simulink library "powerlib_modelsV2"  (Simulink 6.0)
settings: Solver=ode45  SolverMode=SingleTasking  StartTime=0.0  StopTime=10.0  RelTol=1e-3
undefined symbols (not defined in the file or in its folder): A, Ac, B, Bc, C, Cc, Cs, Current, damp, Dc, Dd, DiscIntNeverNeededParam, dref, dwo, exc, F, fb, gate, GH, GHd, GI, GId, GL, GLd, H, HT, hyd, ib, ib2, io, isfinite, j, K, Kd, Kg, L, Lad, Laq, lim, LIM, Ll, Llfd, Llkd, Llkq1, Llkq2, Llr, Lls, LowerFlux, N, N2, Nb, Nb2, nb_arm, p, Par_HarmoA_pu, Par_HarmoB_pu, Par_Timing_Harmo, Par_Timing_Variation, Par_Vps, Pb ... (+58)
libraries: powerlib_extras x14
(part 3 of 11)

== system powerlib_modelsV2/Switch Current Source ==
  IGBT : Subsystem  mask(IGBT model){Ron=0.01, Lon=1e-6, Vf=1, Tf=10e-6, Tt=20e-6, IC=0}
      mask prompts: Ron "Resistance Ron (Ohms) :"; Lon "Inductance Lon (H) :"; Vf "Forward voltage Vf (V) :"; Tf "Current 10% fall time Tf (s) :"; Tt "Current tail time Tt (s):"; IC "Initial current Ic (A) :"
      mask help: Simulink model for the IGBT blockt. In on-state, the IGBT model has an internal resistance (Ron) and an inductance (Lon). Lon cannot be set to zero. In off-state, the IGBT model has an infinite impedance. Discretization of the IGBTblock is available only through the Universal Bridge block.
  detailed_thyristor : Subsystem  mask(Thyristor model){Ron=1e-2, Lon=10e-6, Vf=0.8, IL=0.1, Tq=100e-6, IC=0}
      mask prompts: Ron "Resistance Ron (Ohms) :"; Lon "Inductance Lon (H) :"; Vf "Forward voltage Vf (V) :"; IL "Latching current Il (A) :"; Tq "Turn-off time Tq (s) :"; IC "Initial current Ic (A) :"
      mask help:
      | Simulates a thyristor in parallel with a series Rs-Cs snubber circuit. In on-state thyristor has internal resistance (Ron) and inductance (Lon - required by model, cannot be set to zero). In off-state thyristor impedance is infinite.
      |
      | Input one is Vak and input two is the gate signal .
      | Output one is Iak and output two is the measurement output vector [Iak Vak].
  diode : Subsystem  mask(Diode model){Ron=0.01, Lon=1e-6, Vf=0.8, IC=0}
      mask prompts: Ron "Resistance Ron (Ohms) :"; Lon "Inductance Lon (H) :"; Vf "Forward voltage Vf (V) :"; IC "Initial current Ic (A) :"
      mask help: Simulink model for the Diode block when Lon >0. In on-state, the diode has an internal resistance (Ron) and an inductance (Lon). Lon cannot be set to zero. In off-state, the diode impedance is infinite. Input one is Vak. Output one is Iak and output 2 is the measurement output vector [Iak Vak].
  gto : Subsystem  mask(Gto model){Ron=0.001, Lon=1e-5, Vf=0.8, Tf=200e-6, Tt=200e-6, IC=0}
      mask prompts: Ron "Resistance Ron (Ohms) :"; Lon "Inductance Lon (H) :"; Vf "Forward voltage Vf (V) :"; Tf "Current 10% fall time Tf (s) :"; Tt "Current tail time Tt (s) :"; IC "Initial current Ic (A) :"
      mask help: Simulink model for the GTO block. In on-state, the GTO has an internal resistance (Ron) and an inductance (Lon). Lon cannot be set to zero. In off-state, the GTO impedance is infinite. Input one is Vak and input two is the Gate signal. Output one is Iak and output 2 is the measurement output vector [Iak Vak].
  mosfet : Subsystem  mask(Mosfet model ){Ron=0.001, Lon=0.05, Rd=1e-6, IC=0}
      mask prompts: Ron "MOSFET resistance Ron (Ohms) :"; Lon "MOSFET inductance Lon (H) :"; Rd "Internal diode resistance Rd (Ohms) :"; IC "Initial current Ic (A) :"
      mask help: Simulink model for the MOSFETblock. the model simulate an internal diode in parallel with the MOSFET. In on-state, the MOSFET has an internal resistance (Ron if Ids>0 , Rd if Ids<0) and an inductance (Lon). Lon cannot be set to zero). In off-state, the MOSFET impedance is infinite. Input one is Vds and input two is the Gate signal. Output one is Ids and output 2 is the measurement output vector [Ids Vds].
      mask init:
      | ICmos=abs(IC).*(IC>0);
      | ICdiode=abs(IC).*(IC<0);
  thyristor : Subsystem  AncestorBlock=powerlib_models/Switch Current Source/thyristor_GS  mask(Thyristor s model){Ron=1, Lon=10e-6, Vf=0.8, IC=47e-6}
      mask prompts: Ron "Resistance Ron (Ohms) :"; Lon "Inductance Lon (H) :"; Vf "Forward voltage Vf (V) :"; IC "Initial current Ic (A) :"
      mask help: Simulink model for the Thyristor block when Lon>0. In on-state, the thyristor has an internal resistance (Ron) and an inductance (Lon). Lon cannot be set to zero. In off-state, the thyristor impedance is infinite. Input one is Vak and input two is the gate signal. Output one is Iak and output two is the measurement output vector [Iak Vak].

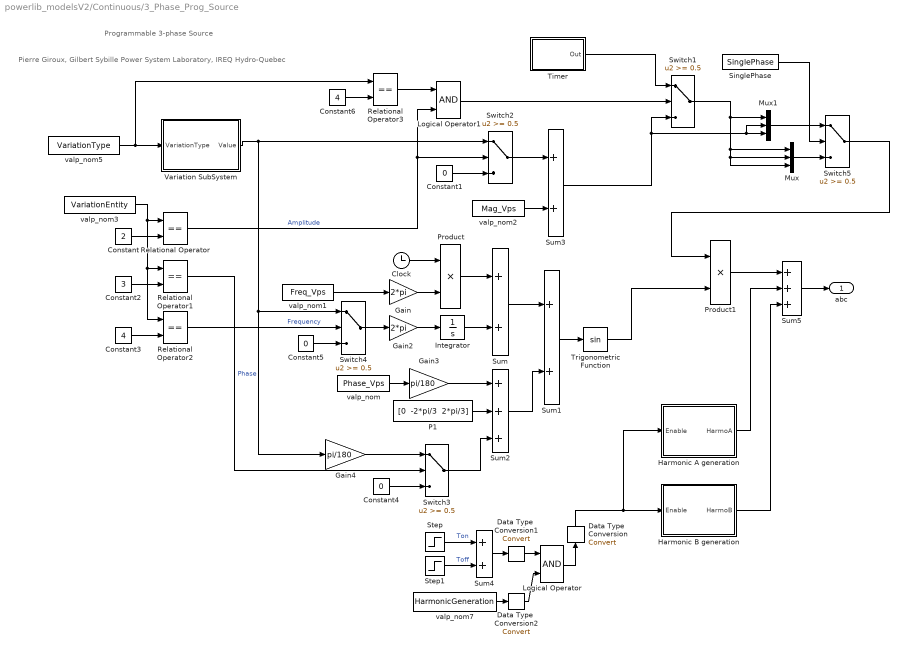
== system powerlib_modelsV2/Continuous/3_Phase_Prog_Source ==
  note: Pierre Giroux, Gilbert Sybille
      | Power System Laboratory, IREQ
      | Hydro-Quebec
  note: Programmable 3-phase Source
  Clock : Clock
  Constant : Constant  Value=2
  Constant1 : Constant  Value=0
  Constant2 : Constant  Value=3
  Constant3 : Constant  Value=4
  Constant4 : Constant  Value=0
  Constant5 : Constant  Value=0
  Constant6 : Constant  Value=4
  Data Type  Conversion : DataTypeConversion  Orientation=up  SaturateOnIntegerOverflow=on  RndMeth=Zero
  Data Type  Conversion1 : DataTypeConversion  SaturateOnIntegerOverflow=on  RndMeth=Zero
  Data Type  Conversion2 : DataTypeConversion  SaturateOnIntegerOverflow=on  RndMeth=Zero
  Gain : Gain  Gain=2*pi  SaturateOnIntegerOverflow=on
  Gain2 : Gain  Gain=2*pi  SaturateOnIntegerOverflow=on
  Gain3 : Gain  Gain=pi/180  SaturateOnIntegerOverflow=on
  Gain4 : Gain  Gain=pi/180  SaturateOnIntegerOverflow=on
  Harmonic A generation : Subsystem  mask(Harmonic generation){Freq_Vps=Freq_Vps, n_Harmo=n_HarmoA, Mag_Harmo=Mag_HarmoA, Phase_Harmo=Phase_HarmoA, Seq_Harmo=Seq_HarmoA, Ts=0}
      mask prompts: Ts "Sample time:"
  Harmonic B generation : Subsystem  mask(Harmonic generation){Freq_Vps=Freq_Vps, n_Harmo=n_HarmoB, Mag_Harmo=Mag_HarmoB, Phase_Harmo=Phase_HarmoB, Seq_Harmo=Seq_HarmoB, Ts=0}
      mask prompts: Ts "Sample time:"
  Integrator : Integrator
  Logical Operator : Logic
  Logical Operator1 : Logic
  Mux : Mux  Inputs=3
  Mux1 : Mux  Inputs=3
  P1 : Constant  Value="[0  -2*pi/3  2*pi/3]"
  Product : Product  SaturateOnIntegerOverflow=on  InputSameDT=on
  Product1 : Product  SaturateOnIntegerOverflow=on  InputSameDT=on
  Relational Operator{,1..3} (4 alike) : RelationalOperator  Operator===  InputSameDT=on
  SinglePhase : Constant  Value=SinglePhase
  Step : Step  Time=Ton_Harmo  SampleTime=0
  Step1 : Step  Time=Toff_Harmo  After=-1  SampleTime=0
  Sum{,1,3..4} (4 alike) : Sum  SaturateOnIntegerOverflow=on  InputSameDT=on
  Sum2 : Sum  Inputs=+++  SaturateOnIntegerOverflow=on  InputSameDT=on
  Sum5 : Sum  Inputs=+++  SaturateOnIntegerOverflow=on  InputSameDT=on
  Switch{1..5} (5 alike) : Switch  Threshold=0.5  InputSameDT=on
  Timer : Subsystem  mask(Timer){t=Xtime, e=Yampli, Ts=0}
      mask prompts: t "Time (s):"; e "Amplitude:"; Ts "Sample time (s)"
      mask help:
      | Generates a signal changing  at specified times.
      |
      | Value of the signal at time zero must  be specified.
      mask init:
      | tt=t;sv=e;
      | tv=[-1,tt(1),reshape(repmat(reshape(tt(2:end),1,length(tt)-1),2,1),1,2*length(tt)-2),tt(end)+1];
      | %sv=(sv(:)'~=0);
      | opv=[sv(1),reshape(repmat(sv(1:end-1),2,1),1,2*length(sv)-2),sv(end),sv(end)];
      mask Display: plot( tv(2:end-1), opv(2:end-1) )
  Trigonometric Function : Trigonometry
  Variation SubSystem : Subsystem  mask(Variation Subsystem){VariationStep=VariationStep, VariationRate=VariationRate, VariationFreq=VariationFreq, VariationMag=VariationMag, Ton_Variation=Ton_Variation, Toff_Variation=Toff_Variation, Ts=0}
      mask prompts: Ts "Sample time:"
  valp_nom : Constant  Value=Phase_Vps
  valp_nom1 : Constant  Value=Freq_Vps
  valp_nom2 : Constant  Value=Mag_Vps
  valp_nom3 : Constant  Value=VariationEntity
  valp_nom5 : Constant  Value=VariationType
  valp_nom7 : Constant  Value=HarmonicGeneration
  abc : Outport  InitialOutput=0
  wires:
  Logical Operator1/1 -> Switch1/2
  Relational Operator3/1 -> Logical Operator1/1
  Switch5/1 -> Product1/1
  Switch1/1 -> Mux1/1, Mux/3, Mux/2, Mux/1
  Mux/1 -> Switch5/3
  SinglePhase/1 -> Switch5/2
  Mux1/1 -> Switch5/1
  Timer/1(Out) -> Switch1/1
  Sum3/1 -> Mux1/2, Mux1/3, Switch1/3
  Constant6/1 -> Relational Operator3/2
  Gain4/1 -> Switch3/1
  Harmonic B generation/1(HarmoB) -> Sum5/3
  Step1/1 -> Sum4/2  "Toff"
  Step/1 -> Sum4/1  "Ton"
  Sum5/1 -> abc/1
  Harmonic A generation/1(HarmoA) -> Sum5/2
  Constant5/1 -> Switch4/3
  Constant3/1 -> Relational Operator2/2
  Constant2/1 -> Relational Operator1/2
  valp_nom3/1 -> Relational Operator1/1, Relational Operator2/1, Relational Operator/1
  Constant/1 -> Relational Operator/2
  Relational Operator2/1 -> Switch4/2  "Frequency"
  Switch4/1 -> Gain2/1
  Variation SubSystem/1(Value) -> Gain4/1, Switch4/1, Switch2/1
  Relational Operator1/1 -> Switch3/2  "Phase"
  Constant4/1 -> Switch3/3
  Switch3/1 -> Sum2/3
  valp_nom5/1 -> Relational Operator3/1, Variation SubSystem/1(VariationType)
  Relational Operator/1 -> Logical Operator1/2, Switch2/2  "Amplitude"
  valp_nom2/1 -> Sum3/2
  Sum2/1 -> Sum1/2
  Constant1/1 -> Switch2/3
  Switch2/1 -> Sum3/1
  Product1/1 -> Sum5/1
  valp_nom1/1 -> Gain/1
  valp_nom/1 -> Gain3/1
  Gain3/1 -> Sum2/1
  Trigonometric Function/1 -> Product1/2
  P1/1 -> Sum2/2
  Integrator/1 -> Sum/2
  Gain2/1 -> Integrator/1
  Sum1/1 -> Trigonometric Function/1
  Sum/1 -> Sum1/1
  Clock/1 -> Product/1
  Gain/1 -> Product/2
  Product/1 -> Sum/1
  Logical Operator/1 -> Data Type  Conversion/1
  Data Type  Conversion/1 -> Harmonic A generation/1(Enable), Harmonic B generation/1(Enable)
  Sum4/1 -> Data Type  Conversion1/1
  Data Type  Conversion1/1 -> Logical Operator/1
  valp_nom7/1 -> Data Type  Conversion2/1
  Data Type  Conversion2/1 -> Logical Operator/2

== system powerlib_modelsV2/Continuous/3_phase_source ==
  Constant : Constant  Value=complex(A*cos(P*pi/180),A*sin(P*pi/180))
  Constant1 : Constant  Value=complex(A*cos((P-120)*pi/180),A*sin((P-120)*pi/180))
  Constant2 : Constant  Value=complex(A*cos((P+120)*pi/180),A*sin((P+120)*pi/180))
  Mux : Mux  Inputs=6
  Sine Wave : Sin  Amplitude=A  Frequency=2*pi*F  Phase=P*pi/180  SampleTime=0
  Sine Wave1 : Sin  Amplitude=A  Frequency=2*pi*F  Phase=(P-120)*pi/180  SampleTime=0
  Sine Wave2 : Sin  Amplitude=A  Frequency=2*pi*F  Phase=(P+120)*pi/180  SampleTime=0
  Out1 : Outport
  wires:
  Constant/1 -> Mux/2
  Sine Wave/1 -> Mux/1
  Sine Wave1/1 -> Mux/3
  Constant1/1 -> Mux/4
  Sine Wave2/1 -> Mux/5
  Constant2/1 -> Mux/6
  Mux/1 -> Out1/1

== system powerlib_modelsV2/Continuous/Dynamic_Load ==
  v : Inport  Port=1  LatchInput=off
  PQ : Inport  Port=2  LatchInput=off
  3-phase PLL1 : Subsystem  mask(3-phase PLL){Par_Init=[Pha_V0  fnom], ParK=[60 1400]}
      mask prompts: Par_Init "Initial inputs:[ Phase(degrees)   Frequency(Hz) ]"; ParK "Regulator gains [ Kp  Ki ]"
■ ■ ■ ■
- **Task brief**
Every line above that holds the string "alike" should be copied out.

- **Answer**
  Relational Operator{,1..3} (4 alike) : RelationalOperator  Operator===  InputSameDT=on
  Sum{,1,3..4} (4 alike) : Sum  SaturateOnIntegerOverflow=on  InputSameDT=on
  Switch{1..5} (5 alike) : Switch  Threshold=0.5  InputSameDT=on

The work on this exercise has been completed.